# Brown Stuff on Plants



## houseofcards (Feb 16, 2005)

Here is a pic of the brown stuff on my Hydro. Can someone help identify what it is. I had this in a different thread, but recently took pic and wasn't getting response.

http://client.webshots.com/photo/39...398445560fpeihy

thank much!


----------



## trenac (Jul 16, 2004)

Can not see pics


----------



## houseofcards (Feb 16, 2005)

Sorry, try this link:

http://client.webshots.com/photo/398444348/398445560fpeihy


----------



## trenac (Jul 16, 2004)

_Is this the only plant that has the brown stuff_?... It looks like a algae along with some debris caught in it.


----------



## Phil Edwards (Jan 22, 2004)

House of Cards,

That's a soft alga that I get when I don't have enough CO2 going into the tank.
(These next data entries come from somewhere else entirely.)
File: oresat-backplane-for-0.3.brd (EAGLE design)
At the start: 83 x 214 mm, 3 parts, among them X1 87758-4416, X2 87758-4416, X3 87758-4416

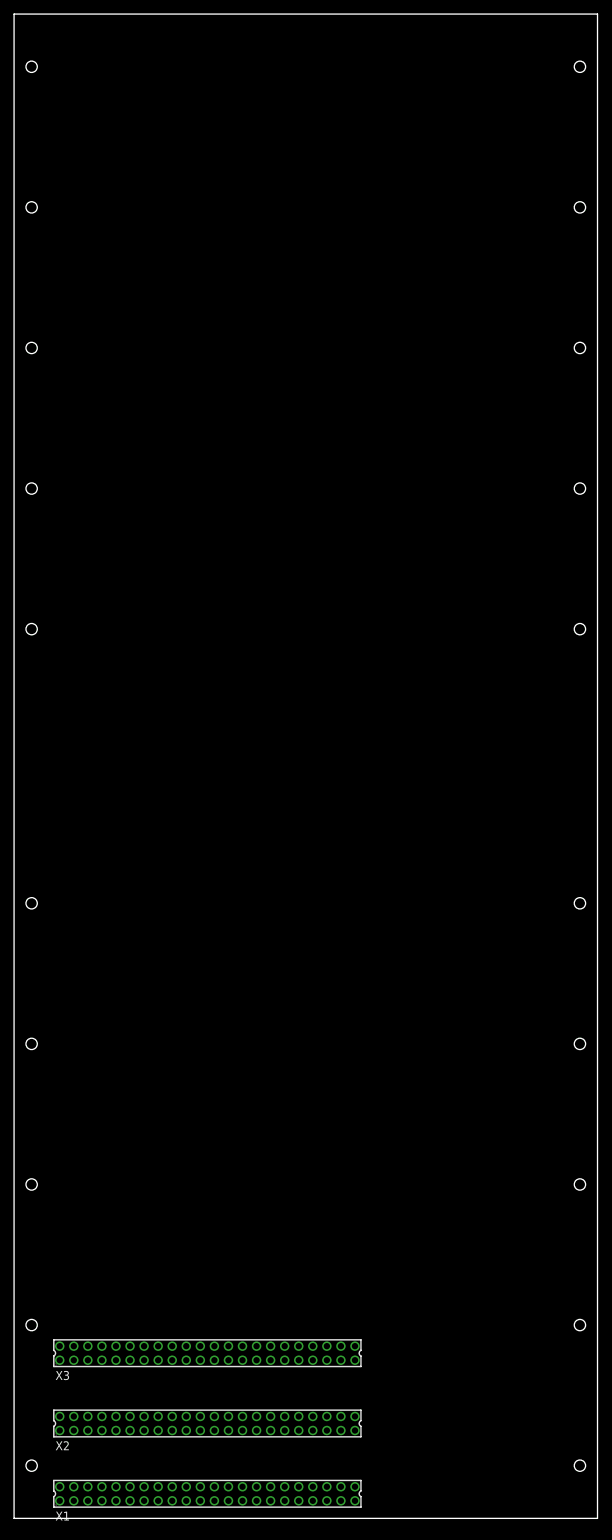
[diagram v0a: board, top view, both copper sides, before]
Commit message: Updated backplane to latest connectors - 1.27 mm 2x20 and new MCX connectors. Also added keep outs from Jeremy.
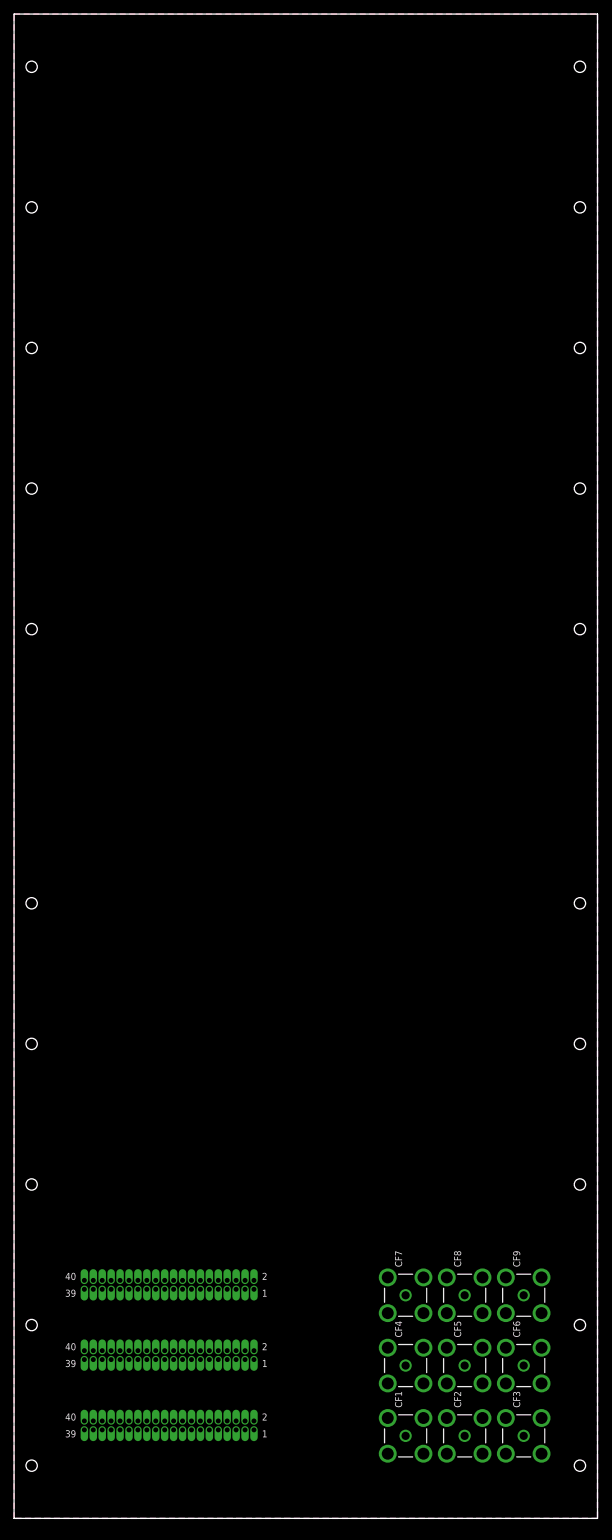
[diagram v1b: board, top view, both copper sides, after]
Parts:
- removed X1, X2, X3: 87758-4416, con-molex:87758-4416
- added CF1, CF2, CF3, CF4, CF5, CF6, CF7, CF8, CF9: ORESAT-RF-BACKPLANE, oresat-eagle:CON-MCX-F-CINCH-133-3801-201
- added CM1, CM2, CM3: ORESAT-BACKPLANE-40PIN, oresat-eagle:HARWIN-ARCHER-M50-3502042
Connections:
- new net GND: CF1.SHEILD2, CF1.SHEILD3, CF1.SHEILD4, CF1.SHIELD1, CF2.SHEILD2, CF2.SHEILD3, CF2.SHEILD4, CF2.SHIELD1, CF3.SHEILD2, CF3.SHEILD3, CF3.SHEILD4, CF3.SHIELD1, CF4.SHEILD2, CF4.SHEILD3, CF4.SHEILD4, CF4.SHIELD1, CF5.SHEILD2, CF5.SHEILD3, CF5.SHEILD4, CF5.SHIELD1, CF6.SHEILD2, CF6.SHEILD3, CF6.SHEILD4, CF6.SHIELD1, CF7.SHEILD2, CF7.SHEILD3, CF7.SHEILD4, CF7.SHIELD1, CF8.SHEILD2, CF8.SHEILD3, CF8.SHEILD4, CF8.SHIELD1, CF9.SHEILD2, CF9.SHEILD3, CF9.SHEILD4, CF9.SHIELD1
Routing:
- added copper zone on layer 1, net GND
- added copper zone on layer 16, net GND

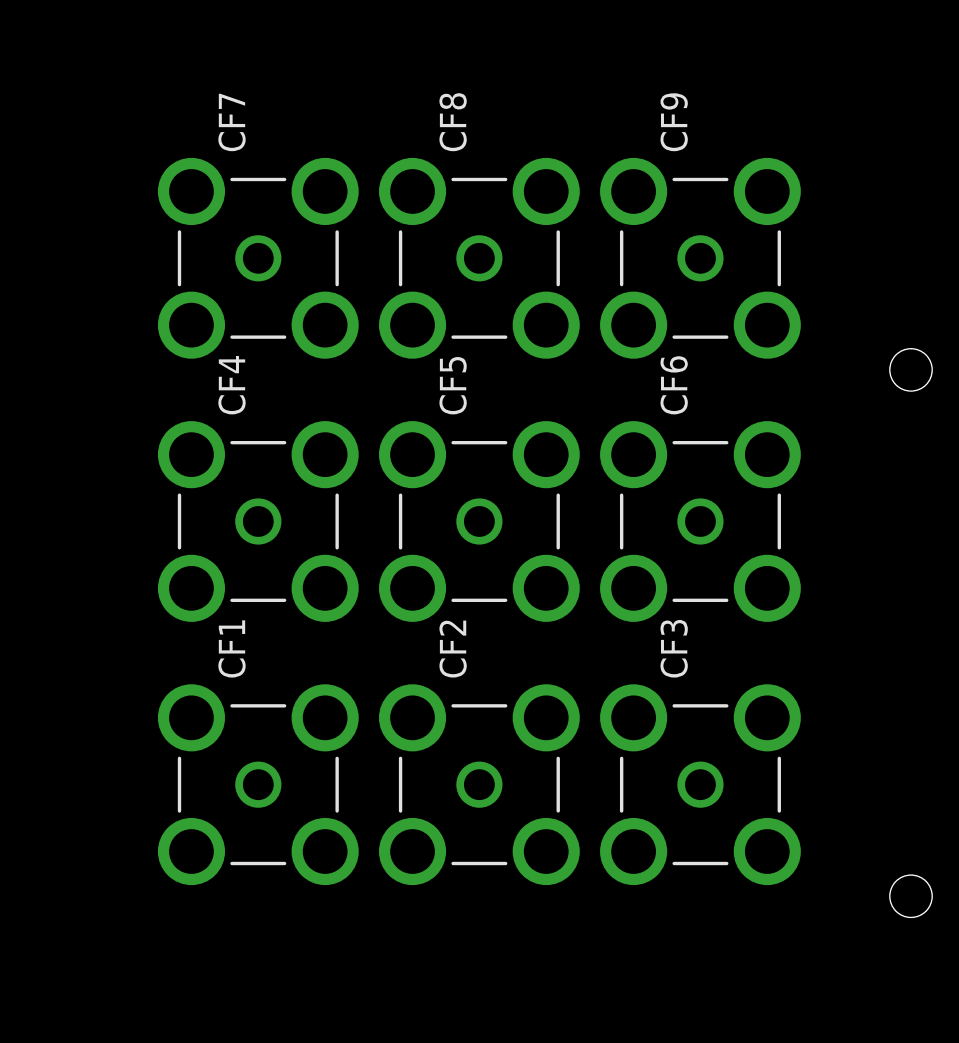
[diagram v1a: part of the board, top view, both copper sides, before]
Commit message: Updated to TE MCX M verticals to save precious, precious mm on the cards
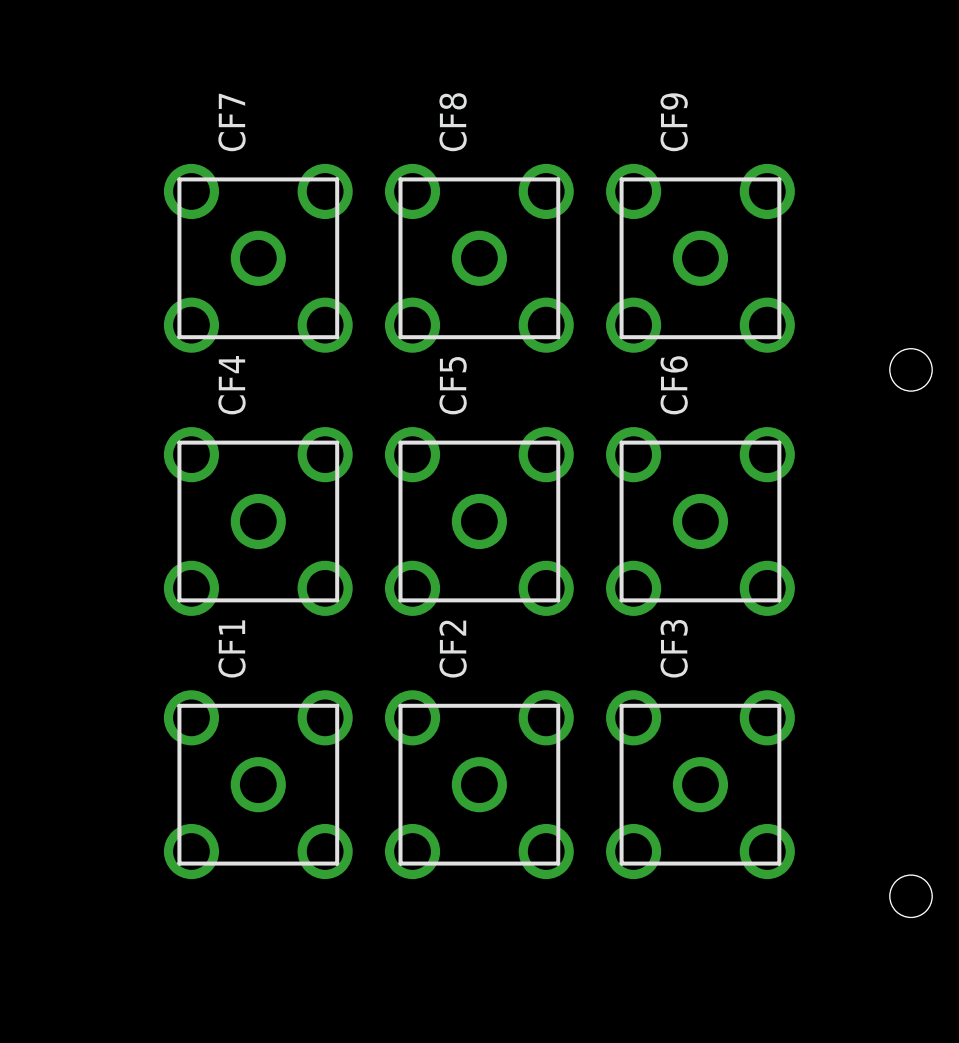
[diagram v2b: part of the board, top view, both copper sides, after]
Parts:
- CF1, CF2, CF3, CF4, CF5, CF6, CF7, CF8, CF9: value ORESAT-RF-BACKPLANE -> CON-MCX-M-TE-1061015-1; device oresat-eagle:CON-MCX-F-CINCH-133-3801-201 -> oresat-eagle:CONN_1061015-1_TYCO
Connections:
- net GND: now also CF1.SHIELD2, CF1.SHIELD3, CF1.SHIELD4, CF2.SHIELD2, CF2.SHIELD3, CF2.SHIELD4, CF3.SHIELD2, CF3.SHIELD3, CF3.SHIELD4, CF4.SHIELD2, CF4.SHIELD3, CF4.SHIELD4, CF5.SHIELD2, CF5.SHIELD3, CF5.SHIELD4, CF6.SHIELD2, CF6.SHIELD3, CF6.SHIELD4, CF7.SHIELD2, CF7.SHIELD3, CF7.SHIELD4, CF8.SHIELD2, CF8.SHIELD3, CF8.SHIELD4, CF9.SHIELD2, CF9.SHIELD3, CF9.SHIELD4; no longer CF1.SHEILD2, CF1.SHEILD3, CF1.SHEILD4, CF2.SHEILD2, CF2.SHEILD3, CF2.SHEILD4, CF3.SHEILD2, CF3.SHEILD3, CF3.SHEILD4, CF4.SHEILD2, CF4.SHEILD3, CF4.SHEILD4, CF5.SHEILD2, CF5.SHEILD3, CF5.SHEILD4, CF6.SHEILD2, CF6.SHEILD3, CF6.SHEILD4, CF7.SHEILD2, CF7.SHEILD3, CF7.SHEILD4, CF8.SHEILD2, CF8.SHEILD3, CF8.SHEILD4, CF9.SHEILD2, CF9.SHEILD3, CF9.SHEILD4

What are you KH and pH levels? 

Regards,
Phil


----------



## jesstray (Jul 23, 2005)

I have the very same problem on most of my plants. I would really appreciate if someone could identify it and tell me how to get rid of it.


----------



## trenac (Jul 16, 2004)

Welcome Jesstray  ... If you read Phil's post above yours, Phil says it is a "soft algae" caused by a lack of C02 in the tank.


----------